Reproduce exactly the lines from the one containing "- Mate:2 (6.35" through the last line of the records below, both included, and nothing else.

- Opening Delimiter -

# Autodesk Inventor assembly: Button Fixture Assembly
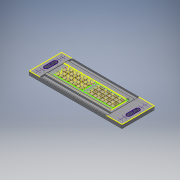
[picture p0: Inventor's stored thumbnail of the model, 180x180]
Saved by Autodesk Inventor 2016 (Build 200138000, 138)
## iProperties
Created: 2016-07-07
Part Number: Button Fixture Assembly
Document SubType Name: Assembly
Designer: Sam Clay
Author: Sam Clay
## Documents named in this file (3)
- Z:\enclosure\inventor\Button Fixture Assembly.iam
- Z:\enclosure\inventor\Button Fixture Base.ipt
- Z:\enclosure\inventor\Case Buttons CAM.ipt
## Components (17 placed, 2 different names)
1. Button Fixture Base:1 — Planar:2, Mate:1, Mate:2, Planar:3
2. Case Buttons CAM:9 — Planar:3
3. Case Buttons CAM:10
4. Case Buttons CAM:11
5. Case Buttons CAM:12
6. Case Buttons CAM:13
7. Case Buttons CAM:14
8. Case Buttons CAM:15
9. Case Buttons CAM:16
10. Case Buttons CAM:1 — Planar:2, Mate:1, Mate:2
11. Case Buttons CAM:2
12. Case Buttons CAM:3
13. Case Buttons CAM:4
14. Case Buttons CAM:5
15. Case Buttons CAM:6
16. Case Buttons CAM:7
17. Case Buttons CAM:8
## Component patterns: (1 elements), (8 elements, first: Case Buttons CAM:9), (8 elements, first: Case Buttons CAM:1)
## Relationships (4: PlanarJoint 2, Mate 2)
- Planar:2: Button Fixture Base:1 ↔ Case Buttons CAM:1
- Mate:1 (3.175 mm): Button Fixture Base:1 ↔ Case Buttons CAM:1
- Mate:2 (6.35 mm): Button Fixture Base:1 ↔ Case Buttons CAM:1
- Planar:3: Button Fixture Base:1 ↔ Case Buttons CAM:9

- Closing Delimiter -

Your response
- Mate:2 (6.35 mm): Button Fixture Base:1 ↔ Case Buttons CAM:1
- Planar:3: Button Fixture Base:1 ↔ Case Buttons CAM:9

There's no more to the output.